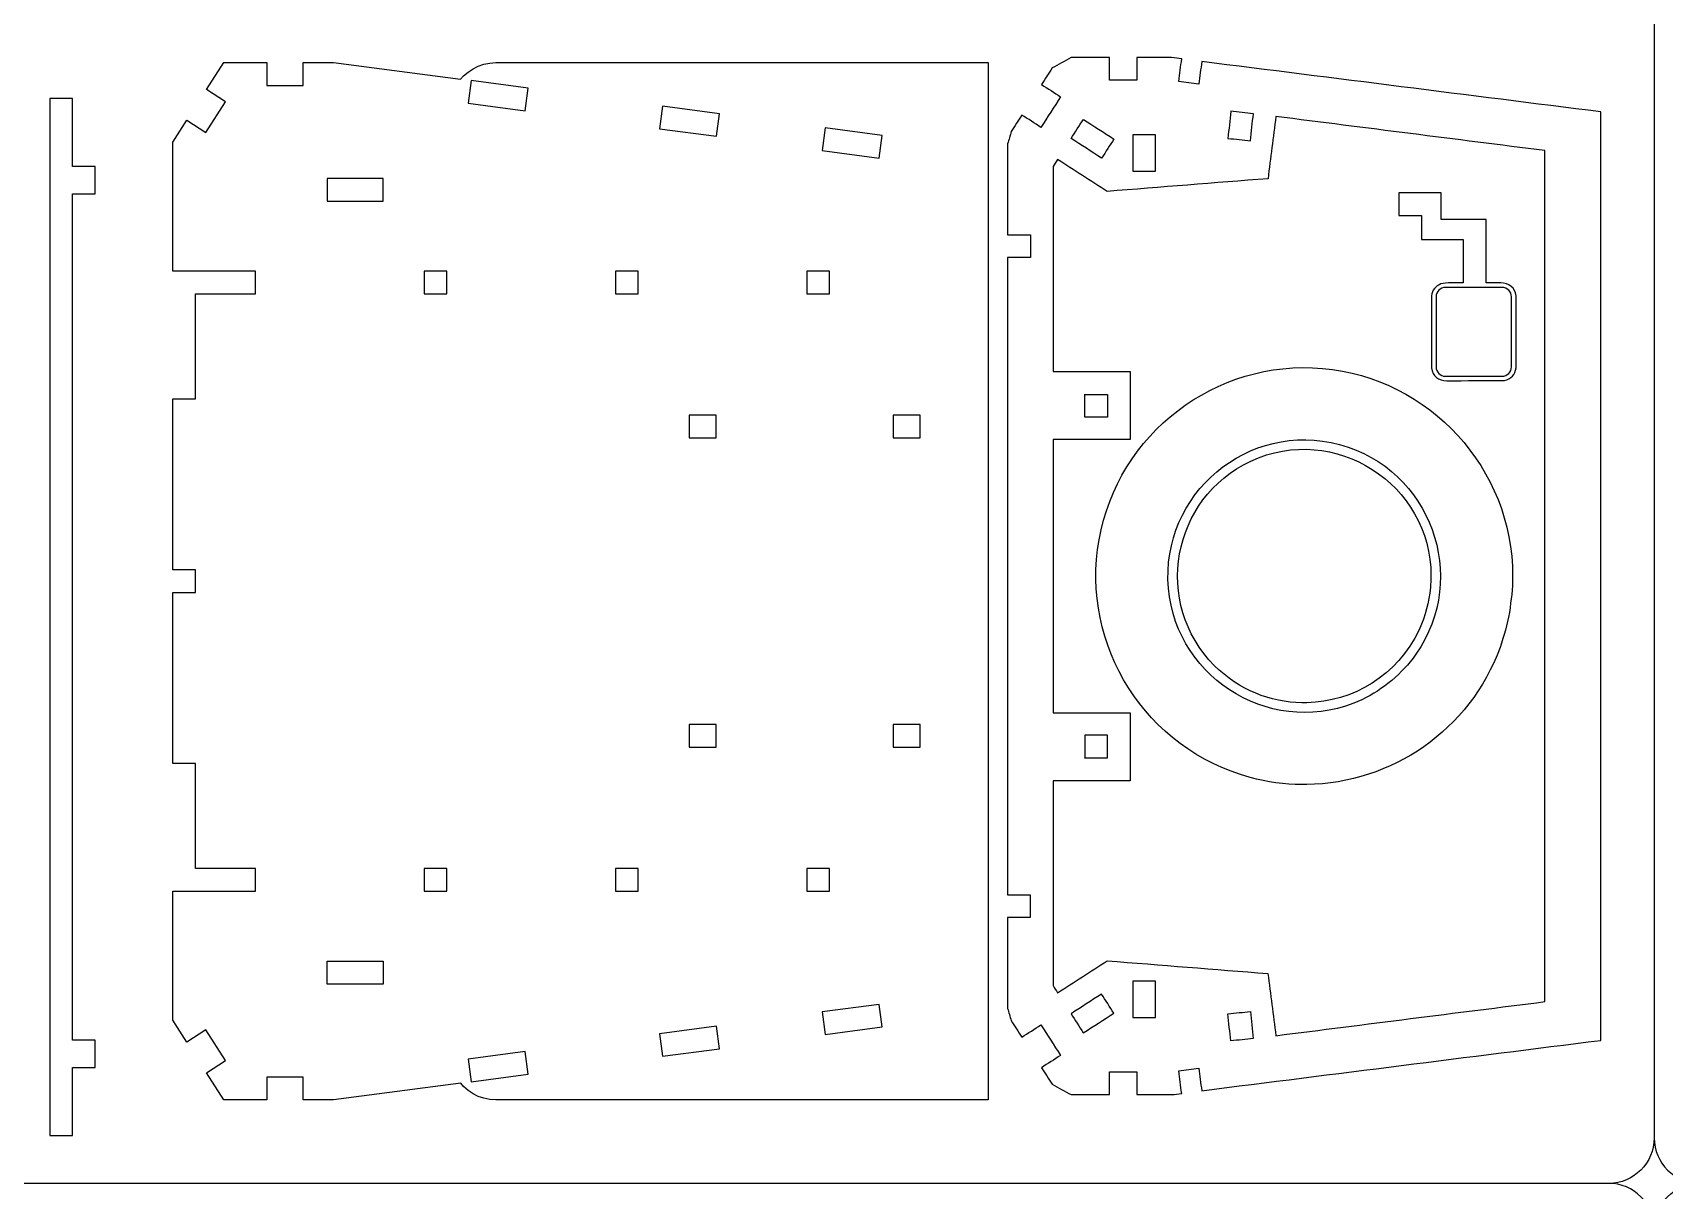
# Model space of a CAD drawing. Extents: x 363 to 933, y 152 to 732.
# Drawn here: x 564.1 to 743.9, y 441.2 to 568.7 of the extents above; entities that cross this region are included whole.
import ezdxf

# ---------------------------------------------------------------- set-up
doc = ezdxf.new("R2010")
doc.units = 0
doc.layers.get('0').update_dxf_attribs({"linetype": 'CONTINUOUS'})

msp = doc.modelspace()

# ---------------------------------------------------------------- linework, layer by layer
at = {"color": 5}
for p, q in [((742.73304, 727.00749), (742.73304, 447.00749)), ((742.73304, 727.00749), (742.73304, 447.00749)), ((737.73294, 442.00749), (557.73304, 442.00749)), ((737.73294, 442.00749), (557.73304, 442.00749))]:
    msp.add_line(p, q, dxfattribs=at)
at = {"color": 3}
for p, q in [((583.29834, 562.42079), (585.20494, 565.38659)), ((585.20494, 565.38659), (589.93344, 565.38659)), ((589.93344, 565.38659), (589.93344, 562.88669)), ((593.93324, 562.88669), (593.93324, 565.38659)), ((593.93324, 565.38659), (597.29714, 565.38659)), ((597.29714, 565.38659), (611.26864, 563.56889)), ((611.60864, 563.92399), (612.10034, 564.35529)), ((612.10034, 564.35529), (612.64414, 564.71859)), ((612.64414, 564.71859), (613.23074, 565.00789)), ((613.23074, 565.00789), (613.85004, 565.21809)), ((613.85004, 565.21809), (614.49144, 565.34569)), ((614.49144, 565.34569), (615.14404, 565.38849)), ((615.14404, 565.38849), (669.38044, 565.38849)), ((669.38044, 565.38849), (669.38044, 451.20939)), ((685.74894, 565.94679), (685.75284, 563.44649)), ((589.93344, 562.88669), (593.93324, 562.88669)), ((611.26864, 563.56889), (611.60864, 563.92399)), ((568.54364, 561.45159), (566.04374, 561.45159)), ((566.04374, 561.45159), (566.04374, 447.26889)), ((568.54364, 553.95189), (568.54364, 561.45159)), ((583.23824, 557.70429), (585.40114, 561.06889)), ((585.40114, 561.06889), (583.29834, 562.42079)), ((579.57014, 556.62149), (581.13534, 559.05619)), ((581.13534, 559.05619), (583.23824, 557.70429)), ((579.57014, 542.43149), (579.57014, 556.62149)), ((571.04354, 553.95189), (568.54364, 553.95189)), ((571.04354, 550.95199), (571.04354, 553.95189)), ((568.54364, 457.76849), (568.54364, 550.95199)), ((568.54364, 550.95199), (571.04354, 550.95199)), ((588.70834, 542.43149), (579.57014, 542.43149)), ((588.70834, 539.93159), (588.70834, 542.43149)), ((582.07004, 528.36939), (582.07004, 539.93159)), ((582.07004, 539.93159), (588.70834, 539.93159)), ((579.57014, 509.55379), (579.57014, 528.36939)), ((579.57014, 528.36939), (582.07004, 528.36939)), ((582.07004, 509.55379), (579.57014, 509.55379)), ((582.07004, 507.04399), (582.07004, 509.55379)), ((579.57014, 488.22839), (579.57014, 507.04399)), ((579.57014, 507.04399), (582.07004, 507.04399)), ((582.07004, 488.22839), (579.57014, 488.22839)), ((582.07004, 476.67589), (582.07004, 488.22839)), ((588.70834, 476.67589), (582.07004, 476.67589)), ((588.70834, 474.17589), (588.70834, 476.67589)), ((579.56984, 459.97959), (579.56994, 474.17589)), ((579.56994, 474.17589), (588.70834, 474.17589)), ((581.13544, 457.54479), (579.56984, 459.97959)), ((583.23834, 458.89659), (581.13544, 457.54479)), ((585.40114, 455.53199), (583.23834, 458.89659)), ((571.04354, 457.76849), (568.54364, 457.76849)), ((571.04354, 454.76859), (571.04354, 457.76849)), ((568.54364, 447.26889), (568.54364, 454.76859)), ((568.54364, 454.76859), (571.04354, 454.76859)), ((583.29824, 454.18009), (585.40114, 455.53199)), ((585.20624, 451.21249), (583.29824, 454.18009)), ((593.93324, 453.71229), (589.93344, 453.71229)), ((589.93344, 453.71229), (589.93344, 451.21239)), ((593.93324, 451.21239), (593.93324, 453.71229)), ((611.29014, 453.03699), (597.29714, 451.21239)), ((611.60864, 452.67379), (611.29014, 453.03699)), ((589.93344, 451.21239), (585.20624, 451.21249)), ((597.29714, 451.21239), (593.93324, 451.21239)), ((612.10034, 452.24259), (611.60864, 452.67379)), ((612.64414, 451.87929), (612.10034, 452.24259)), ((613.23074, 451.58999), (612.64414, 451.87929)), ((613.85004, 451.37979), (613.23074, 451.58999)), ((614.49144, 451.25219), (613.85004, 451.37979)), ((615.14404, 451.20939), (614.49144, 451.25219)), ((669.38044, 451.20939), (615.14404, 451.20939)), ((566.04374, 447.26889), (568.54364, 447.26889))]:
    msp.add_line(p, q, dxfattribs=at)
at = {"color": 7}
for p, q in [((612.43234, 563.41189), (612.10044, 560.92419)), ((618.70384, 562.57509), (612.43234, 563.41189)), ((618.37184, 560.08739), (618.70384, 562.57509)), ((612.10044, 560.92419), (618.37184, 560.08739)), ((633.50554, 560.60019), (633.17354, 558.11249)), ((639.77694, 559.76339), (633.50554, 560.60019)), ((639.44514, 557.27579), (639.77694, 559.76339)), ((633.17354, 558.11249), (639.44514, 557.27579)), ((651.44294, 558.20679), (651.11114, 555.71919)), ((657.71454, 557.37009), (651.44294, 558.20679)), ((657.38254, 554.88249), (657.71454, 557.37009)), ((651.11114, 555.71919), (657.38254, 554.88249)), ((602.76464, 552.64819), (596.59374, 552.64819)), ((596.59374, 552.64819), (596.59374, 550.13839)), ((602.76464, 550.13839), (602.76464, 552.64819)), ((596.59374, 550.13839), (602.76464, 550.13839)), ((609.76784, 542.43159), (607.25804, 542.43159)), ((607.25804, 542.43159), (607.25804, 539.92179)), ((609.76784, 539.92179), (609.76784, 542.43159)), ((630.83604, 542.43159), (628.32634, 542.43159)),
· · · ·
- _ACTIVITY_:
Copy out the full material exactly. Pictures should not appear in it.

- _SOLUTION BELOW_:
# Model space of a CAD drawing. Extents: x 363 to 933, y 152 to 732.
# Drawn here: x 564.1 to 743.9, y 441.2 to 568.7 of the extents above; entities that cross this region are included whole.
import ezdxf

# ---------------------------------------------------------------- set-up
doc = ezdxf.new("R2010")
doc.units = 0
doc.layers.get('0').update_dxf_attribs({"linetype": 'CONTINUOUS'})

msp = doc.modelspace()

# ---------------------------------------------------------------- linework, layer by layer
at = {"color": 5}
for p, q in [((742.73304, 727.00749), (742.73304, 447.00749)), ((742.73304, 727.00749), (742.73304, 447.00749)), ((737.73294, 442.00749), (557.73304, 442.00749)), ((737.73294, 442.00749), (557.73304, 442.00749))]:
    msp.add_line(p, q, dxfattribs=at)
at = {"color": 3}
for p, q in [((583.29834, 562.42079), (585.20494, 565.38659)), ((585.20494, 565.38659), (589.93344, 565.38659)), ((589.93344, 565.38659), (589.93344, 562.88669)), ((593.93324, 562.88669), (593.93324, 565.38659)), ((593.93324, 565.38659), (597.29714, 565.38659)), ((597.29714, 565.38659), (611.26864, 563.56889)), ((611.60864, 563.92399), (612.10034, 564.35529)), ((612.10034, 564.35529), (612.64414, 564.71859)), ((612.64414, 564.71859), (613.23074, 565.00789)), ((613.23074, 565.00789), (613.85004, 565.21809)), ((613.85004, 565.21809), (614.49144, 565.34569)), ((614.49144, 565.34569), (615.14404, 565.38849)), ((615.14404, 565.38849), (669.38044, 565.38849)), ((669.38044, 565.38849), (669.38044, 451.20939)), ((685.74894, 565.94679), (685.75284, 563.44649)), ((589.93344, 562.88669), (593.93324, 562.88669)), ((611.26864, 563.56889), (611.60864, 563.92399)), ((568.54364, 561.45159), (566.04374, 561.45159)), ((566.04374, 561.45159), (566.04374, 447.26889)), ((568.54364, 553.95189), (568.54364, 561.45159)), ((583.23824, 557.70429), (585.40114, 561.06889)), ((585.40114, 561.06889), (583.29834, 562.42079)), ((579.57014, 556.62149), (581.13534, 559.05619)), ((581.13534, 559.05619), (583.23824, 557.70429)), ((579.57014, 542.43149), (579.57014, 556.62149)), ((571.04354, 553.95189), (568.54364, 553.95189)), ((571.04354, 550.95199), (571.04354, 553.95189)), ((568.54364, 457.76849), (568.54364, 550.95199)), ((568.54364, 550.95199), (571.04354, 550.95199)), ((588.70834, 542.43149), (579.57014, 542.43149)), ((588.70834, 539.93159), (588.70834, 542.43149)), ((582.07004, 528.36939), (582.07004, 539.93159)), ((582.07004, 539.93159), (588.70834, 539.93159)), ((579.57014, 509.55379), (579.57014, 528.36939)), ((579.57014, 528.36939), (582.07004, 528.36939)), ((582.07004, 509.55379), (579.57014, 509.55379)), ((582.07004, 507.04399), (582.07004, 509.55379)), ((579.57014, 488.22839), (579.57014, 507.04399)), ((579.57014, 507.04399), (582.07004, 507.04399)), ((582.07004, 488.22839), (579.57014, 488.22839)), ((582.07004, 476.67589), (582.07004, 488.22839)), ((588.70834, 476.67589), (582.07004, 476.67589)), ((588.70834, 474.17589), (588.70834, 476.67589)), ((579.56984, 459.97959), (579.56994, 474.17589)), ((579.56994, 474.17589), (588.70834, 474.17589)), ((581.13544, 457.54479), (579.56984, 459.97959)), ((583.23834, 458.89659), (581.13544, 457.54479)), ((585.40114, 455.53199), (583.23834, 458.89659)), ((571.04354, 457.76849), (568.54364, 457.76849)), ((571.04354, 454.76859), (571.04354, 457.76849)), ((568.54364, 447.26889), (568.54364, 454.76859)), ((568.54364, 454.76859), (571.04354, 454.76859)), ((583.29824, 454.18009), (585.40114, 455.53199)), ((585.20624, 451.21249), (583.29824, 454.18009)), ((593.93324, 453.71229), (589.93344, 453.71229)), ((589.93344, 453.71229), (589.93344, 451.21239)), ((593.93324, 451.21239), (593.93324, 453.71229)), ((611.29014, 453.03699), (597.29714, 451.21239)), ((611.60864, 452.67379), (611.29014, 453.03699)), ((589.93344, 451.21239), (585.20624, 451.21249)), ((597.29714, 451.21239), (593.93324, 451.21239)), ((612.10034, 452.24259), (611.60864, 452.67379)), ((612.64414, 451.87929), (612.10034, 452.24259)), ((613.23074, 451.58999), (612.64414, 451.87929)), ((613.85004, 451.37979), (613.23074, 451.58999)), ((614.49144, 451.25219), (613.85004, 451.37979)), ((615.14404, 451.20939), (614.49144, 451.25219)), ((669.38044, 451.20939), (615.14404, 451.20939)), ((566.04374, 447.26889), (568.54364, 447.26889))]:
    msp.add_line(p, q, dxfattribs=at)
at = {"color": 7}
for p, q in [((612.43234, 563.41189), (612.10044, 560.92419)), ((618.70384, 562.57509), (612.43234, 563.41189)), ((618.37184, 560.08739), (618.70384, 562.57509)), ((612.10044, 560.92419), (618.37184, 560.08739)), ((633.50554, 560.60019), (633.17354, 558.11249)), ((639.77694, 559.76339), (633.50554, 560.60019)), ((639.44514, 557.27579), (639.77694, 559.76339)), ((633.17354, 558.11249), (639.44514, 557.27579)), ((651.44294, 558.20679), (651.11114, 555.71919)), ((657.71454, 557.37009), (651.44294, 558.20679)), ((657.38254, 554.88249), (657.71454, 557.37009)), ((651.11114, 555.71919), (657.38254, 554.88249)), ((602.76464, 552.64819), (596.59374, 552.64819)), ((596.59374, 552.64819), (596.59374, 550.13839)), ((602.76464, 550.13839), (602.76464, 552.64819)), ((596.59374, 550.13839), (602.76464, 550.13839)), ((609.76784, 542.43159), (607.25804, 542.43159)), ((607.25804, 542.43159), (607.25804, 539.92179)), ((609.76784, 539.92179), (609.76784, 542.43159)), ((630.83604, 542.43159), (628.32634, 542.43159)),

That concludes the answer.